#### Data shown
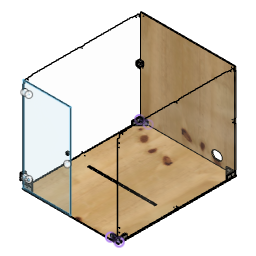
Prusa Mk3 Case (Autodesk Fusion 360 design; units mm, degrees)
Autodesk Fusion 360 part; units mm, degrees
note: some values were not read from the file. Set by a fixed rule: which sketch regions a step uses.
sketch "Sketch1" plane through (0, 0, 0) normal (0, 0, 1) x (1, 0, 0) in component "winkel"
  line L0 (0, 0) -> (42.4, 0)
  line L1 (42.4, 0) -> (42.4, 40)
  line L2 (42.4, 40) -> (0, 40)
  line L3 (0, 40) -> (0, 0)
  line L4 (2, 0) -> (2, 40)
  line L5 (4.4, 40) -> (4.4, 0)
  line L6 (7.4, 0) -> (7.4, 35)
  line L7 (7.4, 35) -> (42.4, 35)
  circle A0 centre (17.8289, 24.5711) radius 2
  line L8 (7.4, 5.6569) -> (36.7431, 35)
  line L9 (7.4, 0) -> (42.4, 35)
  line L10 (18.0066, 16.2635) -> (20.835, 13.435)
  line L11 (26.1365, 24.3934) -> (28.965, 21.565)
  line L12 (4.4, 35) -> (2, 35)
  line L13 (7.4, 35) -> (22.0716, 20.3284)
  dimension "d1" = 2.4
  dimension "d4" = 2
  dimension "d6" = 3
  dimension "d14" = 4
  dimension "d17" = 4
  dimension "d19" = 15
  dimension "d20" = 15
  dimension "d73" = 5
  dimension "d74" = 5
  dimension "d238" = 35
  dimension "d239" = 35
  dimension "d240" = 6
  constraint horizontal L0
  constraint vertical L1
  constraint horizontal L2
  constraint vertical L3
  constraint coincident L0.start L3.end
  constraint coincident L0 L4.start
  constraint perpendicular L0 L4
  constraint coincident L0 L6.start
  constraint perpendicular L0 L6
  constraint coincident L1 L7.end
  constraint perpendicular L1 L7
  constraint coincident L6 L8.start
  constraint coincident L7 L8.end
  constraint coincident L8 L10.start
  constraint coincident L9 L10.end
  constraint perpendicular L9 L10
  constraint coincident L8 L11.start
  constraint coincident L9 L11.end
  constraint perpendicular L9 L11
  constraint parallel L8 L9
  constraint coincident L2 L4.end
  constraint coincident L2 L5.start
  constraint coincident L5 L12.start
  constraint coincident L4 L12.end
  constraint perpendicular L4 L12
  constraint midpoint L8 L13.end
  constraint coincident A0.centre L13
  measures "d1" distance of L4 L5
  measures "d4" distance of L3 L4
  measures "d6" distance of L5 L6
  measures "d14" diameter of A0
  measures "d17" distance of L8 L9
  measures "d19" distance of L8.start L10
  measures "d20" distance of L8.end L11
  measures "d73" distance of L2 L7
  measures "d74" distance of L2 L12
  measures "d238" distance of L1 L6
  measures "d239" distance of L0 L7
  measures "d240" distance of A0.centre L8
extrude "Extrude1" add sketch "Sketch1" against normal blind 3 contours L0 L2 L3 L4 | L0 L4 L5 L12 | L0 L1 L2 L5 L6 L7 | L2 L4 L5 L12 | L6 L8 L9 L10 | L6 A0 L8 L13 | L8 L9 L10 L11 | L7 L8 L9 L11 | L7 A0 L8 L13 makes body 1 in component "winkel"
extrude "Extrude2" add sketch "Sketch1" along normal blind 15 contours L0 L2 L3 L4 | L0 L1 L2 L5 L6 L7 | L2 L4 L5 L12 | L6 L8 L9 L10 | L7 L8 L9 L11 bodies 1 in component "winkel"
extrude "Extrude3" add sketch "Sketch1" along normal blind 15 contours L6 L8 L9 L10 | L7 L8 L9 L11 bodies 1 in component "winkel"
chamfer "Chamfer1" distance 13 distance2 14 2 edges at (19.4208, 14.8492, 15) (27.5508, 22.9792, 15) measured on face at (26.381, 38.3333, 15) measured on face at (26.381, 38.3333, 15) on bodies 1 in component "winkel"
sketch "Sketch2" plane through (0, 40, 0) normal (0, 1, 0) x (-1, 0, 0) in component "winkel"
  line L0 (-42.4, 15) -> (-42.4, -3)
  line L1 (-42.4, -3) -> (0, -3)
  line L2 (0, -3) -> (0, 15)
  line L3 (0, 15) -> (-42.4, 15)
  circle A0 centre (-20, 7) radius 1.75
  line L4 (0, 0) -> (-42.4, 0)
  dimension "d119" = 20
  dimension "d120" = 7
  dimension "d267" = 3.5
  measures "d119" distance of L2 A0.centre
  measures "d120" distance of A0.centre L4
  measures "d267" diameter of A0
extrude "Extrude4" cut sketch "Sketch2" against normal blind 13 contours A0 bodies 1 in component "winkel"
sketch "Sketch3" plane through (0, 0, 0) normal (-1, 0, 0) x (0, -1, 0) in component "winkel"
  line L0 (-40, 15) -> (-40, -3)
  line L1 (-40, -3) -> (0, -3)
  line L2 (0, -3) -> (0, 15)
  line L3 (0, 15) -> (-40, 15)
  circle A0 centre (-20, 7) radius 1.75
  line L4 (-40, 8.75) -> (-40, 5.25)
  dimension "d264" = 20
  dimension "d265" = 7
  dimension "d266" = 3.5
  measures "d264" distance of A0.centre L4
  measures "d265" vertical distance of origin A0.centre
  measures "d266" diameter of A0
extrude "Extrude5" cut sketch "Sketch3" against normal blind 20 contours A0 bodies 1 in component "winkel"
mirror "MirrorComponent2" about plane through (0, 0, 0) normal (0, 0, 1) of bodies 1 makes body 2 in component "winkel(Mirror)"
sketch "Sketch1 (2)" plane through (0, 0, 0) normal (0, 0, 1) x (1, 0, 0) in component "grundplatte"
  line L0 (0, 0) -> (470, 0)
  line L1 (470, 0) -> (470, -580)
  line L2 (470, -580) -> (0, -580)
  line L3 (0, -580) -> (0, 0)
  circle A0 centre (18, -20) radius 1.75
  circle A1 centre (452, -20) radius 1.75
  circle A2 centre (18, -560) radius 1.75
  circle A3 centre (452, -560) radius 1.75
  circle A4 centre (16, -290) radius 1.75
  circle A5 centre (454, -290) radius 1.75
  line L4 (70, -320) -> (400, -320)
  line L5 (400, -320) -> (400, -330)
  line L6 (400, -330) -> (70, -330)
  line L7 (70, -330) -> (70, -320)
  dimension "d27" = 580
  dimension "d28" = 470
  dimension "d31" = 18
  dimension "d32" = 20
  dimension "d252" = 3.5
  dimension "d253" = 18
  dimension "d254" = 20
  dimension "d255" = 16
  dimension "d256" = 16
  dimension "d309" = 290
  dimension "d358" = 330
  dimension "d359" = 10
  dimension "d360" = 250
  dimension "d361" = 70
  constraint horizontal L0
  constraint vertical L1
  constraint horizontal L2
  constraint vertical L3
  constraint coincident L0.start L3.end
  constraint equal A0 A1
  constraint horizontal A0.centre A1.centre
  constraint equal A2 A3
  constraint equal A1 A3
  constraint vertical A1.centre A3.centre
  constraint horizontal A2.centre A3.centre
  constraint vertical A0.centre A2.centre
  constraint equal A4 A5
  constraint equal A2 A4
  constraint horizontal A4.centre A5.centre
  constraint horizontal L4
  constraint vertical L5
  constraint horizontal L6
  constraint vertical L7
  measures "d27" distance of L0.start L2.end
  measures "d28" distance of L1.end L2.end
  measures "d31" distance of L3 A0.centre
  measures "d32" distance of L0 A0.centre
  measures "d252" diameter of A0
  measures "d253" distance of L1 A1.centre
  measures "d254" distance of L2 A2.centre
  measures "d255" distance of L3 A4.centre
  measures "d256" distance of L1 A5.centre
  measures "d309" distance of L2 A4.centre
  measures "d358" distance of L5.end L6.end
  measures "d359" distance of L4.start L6.end
  measures "d360" distance of L2 L6
  measures "d361" distance of L3 L6.end
extrude "Extrude1'" add sketch "Sketch1 (2)" along normal blind 5 separate body makes body 3 in component "grundplatte"
sketch "Sketch1 (3)" plane through (0, 0, 0) normal (1, 0, 0) x (0, 1, 0) in component "seite"
  line L0 (179.5, 146.2971) -> (-400.5, 146.2971)
  line L1 (-400.5, 146.2971) -> (-400.5, 606.2971)
  line L2 (-400.5, 606.2971) -> (179.5, 606.2971)
  line L3 (179.5, 606.2971) -> (179.5, 146.2971)
  line L4 (179.5, 149.5971) -> (134.5, 149.5971)
  line L5 (134.5, 149.5971) -> (134.5, 146.2971)
  line L6 (-400.5, 149.5971) -> (-355.5, 149.5971)
  line L7 (-355.5, 149.5971) -> (-355.5, 146.2971)
  line L8 (-400.5, 164.2971) -> (-390.5, 164.2971)
  line L9 (-390.5, 164.2971) -> (-390.5, 149.5971)
  line L10 (179.5, 164.2971) -> (169.5, 164.2971)
  line L11 (169.5, 164.2971) -> (169.5, 146.2971)
  line L12 (-400.5, 588.2971) -> (-390.5, 588.2971)
  line L13 (-390.5, 588.2971) -> (-390.5, 602.9971)
  line L14 (-390.5, 602.9971) -> (-355.5, 602.9971)
  line L15 (-355.5, 602.9971) -> (-355.5, 606.2971)
  line L16 (134.5, 606.2971) -> (134.5, 602.9971)
  line L17 (134.5, 602.9971) -> (169.5, 602.9971)
  line L18 (169.5, 602.9971) -> (169.5, 588.2971)
  line L19 (169.5, 588.2971) -> (179.5, 588.2971)
  circle A0 centre (170.5, 206.2971) radius 1.75
  circle A1 centre (170.5, 186.2971) radius 1.75
  circle A2 centre (170.5, 566.2971) radius 1.75
  circle A3 centre (170.5, 546.2971) radius 1.75
  line L20 (-100, 146.2971) -> (-100, 149.5971)
  line L21 (-100, 149.5971) -> (-121, 149.5971)
  line L22 (-121, 149.5971) -> (-121, 146.2971)
  line L23 (-100, 606.2971) -> (-100, 602.9971)
  line L24 (-100, 602.9971) -> (-121, 602.9971)
  line L25 (-121, 602.9971) -> (-121, 606.2971)
  line L26 (-400.5, 386.7971) -> (-392.2, 386.7971)
  line L27 (-392.2, 386.7971) -> (-392.2, 365.7971)
  line L28 (-392.2, 365.7971) -> (-400.5, 365.7971)
  circle A4 centre (154.5, 156.2971) radius 1.75
  circle A5 centre (154.5, 596.2971) radius 1.75
  circle A6 centre (-375.5, 596.2971) radius 1.75
  circle A7 centre (-375.5, 156.2971) radius 1.75
  circle A8 centre (-385.2, 376.2971) radius 1.75
  circle A9 centre (-110.5, 156.5971) radius 1.75
  circle A10 centre (-110.5, 595.9971) radius 1.75
  dimension "d33" = 580
  dimension "d44" = 3.3
  dimension "d45" = 45
  dimension "d46" = 45
  dimension "d47" = 3.3
  dimension "d77" = 18
  dimension "d78" = 10
  dimension "d79" = 18
  dimension "d80" = 10
  dimension "d90" = 460
  dimension "d91" = 10
  dimension "d92" = 10
  dimension "d93" = 18
  dimension "d94" = 18
  dimension "d95" = 3.3
  dimension "d96" = 3.3
  dimension "d97" = 45
  dimension "d98" = 45
  dimension "d197" = 20
  dimension "d198" = 3.5
  dimension "d200" = 40
  dimension "d201" = 9
  dimension "d205" = 20
  dimension "d206" = 40
  dimension "d231" = 21
  dimension "d232" = 3.3
  dimension "d233" = 279.5
  dimension "d234" = 3.3
  dimension "d257" = 21
  dimension "d258" = 8.3
  dimension "d259" = 219.5
  dimension "d270" = 25
  dimension "d271" = 25
  dimension "d272" = 3.5
  dimension "d273" = 10
  dimension "d274" = 10
  dimension "d280" = 10.5
  dimension "d281" = 3.5
  dimension "d282" = 7
  dimension "d283" = 3.5
  dimension "d284" = 10.5
  dimension "d285" = 7
  dimension "d286" = 3.5
  dimension "d287" = 10.5
  dimension "d288" = 7
  constraint horizontal L0
  constraint vertical L1
  constraint horizontal L2
  constraint vertical L3
  constraint coincident L3 L4.start
  constraint perpendicular L3 L4
  constraint coincident L0 L5.end
  constraint perpendicular L0 L5
  constraint coincident L1 L6.start
  constraint perpendicular L1 L6
  constraint coincident L0 L7.end
  constraint perpendicular L0 L7
  constraint coincident L1 L8.start
  constraint perpendicular L1 L8
  constraint coincident L6 L9.end
  constraint perpendicular L6 L9
  constraint coincident L3 L10.start
  constraint perpendicular L3 L10
  constraint coincident L0 L11.end
  constraint perpendicular L0 L11
  constraint coincident L1 L12.start
  constraint perpendicular L1 L12
  constraint perpendicular L12 L13
  constraint perpendicular L13 L14
  constraint coincident L2 L15.end
  constraint perpendicular L2 L15
  constraint coincident L2 L16.start
  constraint perpendicular L2 L16
  constraint perpendicular L16 L17
  constraint perpendicular L17 L18
  constraint coincident L3 L19.end
  constraint perpendicular L3 L19
  constraint equal A0 A1
  constraint vertical A0.centre A1.centre
  constraint equal A2 A3
  constraint equal A0 A3
  constraint vertical A0.centre A3.centre
  constraint coincident L0 L20.start
  constraint perpendicular L0 L20
  constraint perpendicular L20 L21
  constraint coincident L0 L22.end
  constraint perpendicular L21 L22
  constraint coincident L2 L23.start
  constraint perpendicular L2 L23
  constraint perpendicular L23 L24
  constraint coincident L2 L25.end
  constraint perpendicular L2 L25
  constraint vertical L20.end L23.end
  constraint vertical L21.end L24.end
  constraint coincident L1 L26.start
  constraint perpendicular L1 L26
  constraint perpendicular L26 L27
  constraint perpendicular L27 L28
  constraint horizontal A5.centre A6.centre
  constraint vertical A6.centre A7.centre
  constraint horizontal A4.centre A7.centre
  constraint vertical A4.centre A5.centre
  constraint equal A5 A6
  constraint equal A6 A7
  constraint equal A4 A7
  measures "d33" distance of L1.end L2.end
  measures "d44" distance of L4.end L5.end
  measures "d45" distance of L4.start L4.end
  measures "d46" distance of L6.start L6.end
  measures "d47" distance of L6.end L7.end
  measures "d77" distance of L0 L8
  measures "d78" distance of L8.start L8.end
  measures "d79" distance of L0 L10
  measures "d80" distance of L10.start L10.end
  measures "d90" distance of L0.end L1.end
  measures "d91" distance of L18.end L19.end
  measures "d92" distance of L12.start L12.end
  measures "d93" distance of L2 L12.end
  measures "d94" distance of L2 L18.end
  measures "d95" distance of L16.start L16.end
  measures "d96" distance of L14.end L15.end
  measures "d97" distance of L1 L14.end
  measures "d98" distance of L3 L16.end
  measures "d197" distance of A0.centre A1.centre
  measures "d198" diameter of A0
  measures "d200" distance of L0 A1.centre
  measures "d201" distance of L3 A0.centre
  measures "d205" distance of A2.centre A3.centre
  measures "d206" distance of L2 A2.centre
  measures "d231" distance of L20.end L21.end
  measures "d232" distance of L20.start L20.end
  measures "d233" distance of L3 L20
  measures "d234" distance of L23.start L23.end
  measures "d257" distance of L26.end L27.end
  measures "d258" distance of L26.start L26.end
  measures "d259" distance of L0 L27.end
  measures "d270" distance of L3 A5.centre
  measures "d271" distance of L1 A6.centre
  measures "d272" diameter of A5
  measures "d273" distance of L2 A5.centre
  measures "d274" distance of L0 A4.centre
  measures "d280" distance of L28 A8.centre
  measures "d281" diameter of A8
  measures "d282" distance of L27 A8.centre
  measures "d283" diameter of A9
  measures "d284" distance of L22 A9.centre
  measures "d285" distance of L21 A9.centre
  measures "d286" diameter of A10
  measures "d287" distance of L25 A10.centre
  measures "d288" distance of L24 A10.centre
extrude "Extrude1''" add sketch "Sketch1 (3)" along normal blind 2 separate body contours L0 L1 L2 L3 L4 L5 L6 L7 L8 L9 L10 L11 L12 L13 L14 L15 L16 L17 L18 L19 L20 L21 L22 L23 L24 L25 L26 L27 L28 makes body 4 in component "seite"
sketch "Sketch1 (4)" plane through (0, 0, 0) normal (0, 1, 0) x (1, 0, 0) in component "hinten"
  line L0 (10.4, -408.1183) -> (471, -408.1183)
  line L1 (471, -408.1183) -> (471, 51.8817)
  line L2 (471, 51.8817) -> (10.4, 51.8817)
  line L3 (10.4, 51.8817) -> (10.4, -408.1183)
  circle A0 centre (456, 41.8817) radius 1.75
  circle A1 centre (25.4, 41.8817) radius 1.75
  circle A2 centre (456, -398.1183) radius 1.75
  circle A3 centre (25.4, -398.1183) radius 1.75
  line L4 (379, -8.1183) -> (391, -8.1183)
  arc A4 (391, -8.1183) -> (391, 31.8817) centre (391, 11.8817) ccw
  line L5 (391, 31.8817) -> (379, 31.8817)
  arc A5 (379, 31.8817) -> (379, -8.1183) centre (379, 11.8817) ccw
  line L6 (359, 11.8817) -> (411, 11.8817) construction
  circle A6 centre (21.4, -178.1183) radius 1.75
  circle A7 centre (460, -178.1183) radius 1.75
  dimension "d121" = 460
  dimension "d122" = 460.6
  dimension "d129" = 3.5
  dimension "d130" = 10
  dimension "d131" = 10
  dimension "d132" = 15
  dimension "d133" = 15
  dimension "d242" = 20
  dimension "d243" = 12
  dimension "d260" = 3.5
  dimension "d261" = 230
  dimension "d262" = 11
  dimension "d263" = 11
  dimension "d356" = 80
  dimension "d357" = 40
  constraint horizontal L0
  constraint vertical L1
  constraint horizontal L2
  constraint vertical L3
  constraint equal A1 A3
  constraint equal A0 A2
  constraint equal A2 A3
  constraint horizontal A2.centre A3.centre
  constraint vertical A0.centre A2.centre
  constraint horizontal A0.centre A1.centre
  constraint vertical A1.centre A3.centre
  constraint tangent L4 A4
  constraint tangent A4 L5
  constraint parallel L4 L5
  constraint tangent L5 A5
  constraint tangent L4 A5
  constraint midpoint A5 L6.start
  constraint midpoint A4 L6.end
  constraint horizontal L6
  constraint equal A6 A7
  constraint horizontal A6.centre A7.centre
  measures "d121" distance of L0.start L2.end
  measures "d122" distance of L0.start L0.end
  measures "d129" diameter of A3
  measures "d130" distance of L0 A2.centre
  measures "d131" distance of L2 A0.centre
  measures "d132" distance of L1 A0.centre
  measures "d133" distance of L3 A3.centre
  measures "d242" radius of A4
  measures "d243" distance of L4.start L4.end
  measures "d260" diameter of A7
  measures "d261" distance of L2 A6.centre
  measures "d262" distance of L3 A6.centre
  measures "d263" distance of L1 A7.centre
  measures "d356" distance of L1 A4.centre
  measures "d357" distance of L2 A5.centre
extrude "Extrude1'''" add sketch "Sketch1 (4)" along normal blind 5 separate body makes body 5 in component "hinten"
sketch "Sketch1 (5)" plane through (0, 0, 0) normal (0, 0, 1) x (1, 0, 0) in component "scharnier_1"
  line L0 (-72.6357, -505.4656) -> (-64.6357, -505.4656)
  line L1 (-64.6357, -505.4656) -> (-64.6357, -480.4656)
  line L2 (-64.6357, -480.4656) -> (-72.6357, -480.4656)
  line L3 (-72.6357, -480.4656) -> (-72.6357, -505.4656)
  circle A0 centre (-68.6357, -501.4656) radius 1.5
  line L4 (-72.6357, -495.4656) -> (-64.6357, -495.4656)
  dimension "d136" = 25
  dimension "d137" = 8
  dimension "d138" = 3
  dimension "d139" = 4
  dimension "d140" = 4
  dimension "d141" = 10
  constraint horizontal L0
  constraint vertical L1
  constraint horizontal L2
  constraint vertical L3
  constraint coincident L3 L4.start
  constraint coincident L1 L4.end
  constraint perpendicular L1 L4
  measures "d136" distance of L0.start L2.end
  measures "d137" distance of L1.end L2.end
  measures "d138" diameter of A0
  measures "d139" distance of L3 A0.centre
  measures "d140" distance of L0 A0.centre
  measures "d141" distance of L0 L4
extrude "Extrude1''''" add sketch "Sketch1 (5)" along normal blind 30 separate body makes body 6 in component "scharnier_1"
extrude "Extrude2'" cut sketch "Sketch1 (5)" along normal blind 20 and the other way blind -10 contours L0 L1 L3 L4 bodies 6 in component "scharnier_1"
sketch "Sketch2 (2)" plane through (-64.6357, 0, 0) normal (1, 0, 0) x (0, 1, 0) in component "scharnier_1"
  line L0 (-505.4656, 20) -> (-495.4656, 20)
  line L1 (-495.4656, 20) -> (-495.4656, 10)
  line L2 (-495.4656, 10) -> (-505.4656, 10)
  line L3 (-505.4656, 10) -> (-505.4656, 0)
  line L4 (-505.4656, 0) -> (-480.4656, 0)
  line L5 (-480.4656, 0) -> (-480.4656, 30)
  line L6 (-480.4656, 30) -> (-505.4656, 30)
  line L7 (-505.4656, 30) -> (-505.4656, 20)
  circle A0 centre (-488.4656, 5) radius 1.75
  circle A1 centre (-488.4656, 25) radius 1.75
  circle A2 centre (-488.4656, 25) radius 3
  circle A3 centre (-488.4656, 5) radius 3
  dimension "d180" = 3.5
  dimension "d202" = 8
  dimension "d203" = 5
  dimension "d204" = 20
  dimension "d213" = 6
  constraint equal A0 A1
  constraint vertical A0.centre A1.centre
  constraint concentric A1 A2
  constraint concentric A0 A3
  constraint equal A2 A3
  measures "d180" diameter of A1
  measures "d202" distance of L5 A1.centre
  measures "d203" distance of L6 A1.centre
  measures "d204" distance of A0.centre A1.centre
  measures "d213" diameter of A3
extrude "Extrude3'" cut sketch "Sketch2 (2)" against normal blind 30 contours A0 | A1 bodies 6 in component "scharnier_1"
fillet "Fillet1" radius 3 5 edges at (-64.6357, -505.4656, 25) (-64.6357, -505.4656, 5) (-72.6357, -505.4656, 5) (-72.6357, -505.4656, 25) (-72.6357, -495.4656, 15) on bodies 6 in component "scharnier_1"
chamfer "Chamfer1'" distance 6 distance2 12.5 1 edges at (-72.6357, -480.4656, 15) measured on face at (-67.3024, -480.4656, 10) on bodies 6 in component "scharnier_1"
extrude "Extrude4'" cut sketch "Sketch2 (2)" along normal blind -4 and the other way blind 8 contours A2 | A3 bodies 6 in component "scharnier_1"
sketch "Sketch1 (6)" plane through (0, 0, 0) normal (0, 0, 1) x (1, 0, 0) in component "scharnier_2"
  line L0 (36, -516) -> (36, -526)
  line L1 (36, -526) -> (-4, -526)
  line L2 (-4, -526) -> (-4, -518)
  circle A0 centre (0, -522) radius 1.5
  line L3 (8, -516) -> (36, -516)
  line L4 (3, -518) -> (3, -519)
  line L5 (3, -519) -> (8, -519)
  line L6 (36, -521) -> (2.8865, -526)
  line L7 (8, -519) -> (8, -516)
  line L8 (-4, -518) -> (3, -518)
  dimension "d154" = 8
  dimension "d155" = 4
  dimension "d156" = 4
  dimension "d158" = 3
  dimension "d159" = 2
  dimension "d181" = 7
  dimension "d182" = 1
  dimension "d183" = 40
  dimension "d184" = 5
  constraint horizontal L8
  constraint vertical L0
  constraint horizontal L1
  constraint vertical L2
  constraint perpendicular L4 L8
  constraint perpendicular L4 L5
  constraint midpoint L0 L6.start
  constraint coincident L1 L6.end
  constraint vertical L7
  measures "d154" distance of L2.end L1.end
  measures "d155" distance of L1 A0.centre
  measures "d156" distance of L2 A0.centre
  measures "d158" diameter of A0
  measures "d159" distance of L3 L8
  measures "d181" distance of L2.end L4.start
  measures "d182" distance of L4.start L4.end
  measures "d183" distance of L0 L2
  measures "d184" distance of L4.end L5.end
extrude "Extrude1'''''" add sketch "Sketch1 (6)" along normal blind 9.75 separate body contours L0 L1 L2 L3 L4 L5 L6 L7 L8 makes body 7 in component "scharnier_2"
fillet "Fillet1'" radius 2.5 4 edges at (-4, -526, 4.875) (-4, -518, 4.875) (36, -521, 4.875) (3, -518, 4.875) on bodies 7 in component "scharnier_2"
sketch "Sketch2 (3)" plane through (0, -516, 0) normal (0, 1, 0) x (-1, 0, 0) in component "scharnier_2"
  line L0 (-36, 0) -> (-8, 0)
  line L1 (-8, 0) -> (-8, 9.75)
  line L2 (-8, 9.75) -> (-36, 9.75)
  line L3 (-36, 9.75) -> (-36, 0)
  circle A0 centre (-32, 4.875) radius 1.75
  circle A1 centre (-12, 4.875) radius 1.75
  circle A2 centre (-12, 4.875) radius 3
  circle A3 centre (-32, 4.875) radius 3
  dimension "d186" = 3.5
  dimension "d187" = 20
  dimension "d188" = 4.875
  dimension "d189" = 4
  dimension "d192" = 6
  constraint equal A0 A1
  constraint horizontal A0.centre A1.centre
  constraint concentric A1 A2
  constraint concentric A0 A3
  constraint equal A2 A3
  measures "d186" diameter of A0
  measures "d187" distance of A0.centre A1.centre
  measures "d188" distance of L2 A0.centre
  measures "d189" distance of L1 A1.centre
  measures "d192" diameter of A2
extrude "Extrude2''" cut sketch "Sketch2 (3)" against normal blind 15 contours A0 | A1 bodies 7 in component "scharnier_2"
extrude "Extrude3''" cut sketch "Sketch2 (3)" along normal blind -11 and the other way blind 5 contours A3 bodies 7 in component "scharnier_2"
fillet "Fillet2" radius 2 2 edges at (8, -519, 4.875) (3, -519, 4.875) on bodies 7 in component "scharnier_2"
########
Assigned task ▸ Exactly the lines from the one containing "normal blind -11" through the final line above, and only those, should be given again.

Task solution ▸
extrude "Extrude3''" cut sketch "Sketch2 (3)" along normal blind -11 and the other way blind 5 contours A3 bodies 7 in component "scharnier_2"
fillet "Fillet2" radius 2 2 edges at (8, -519, 4.875) (3, -519, 4.875) on bodies 7 in component "scharnier_2"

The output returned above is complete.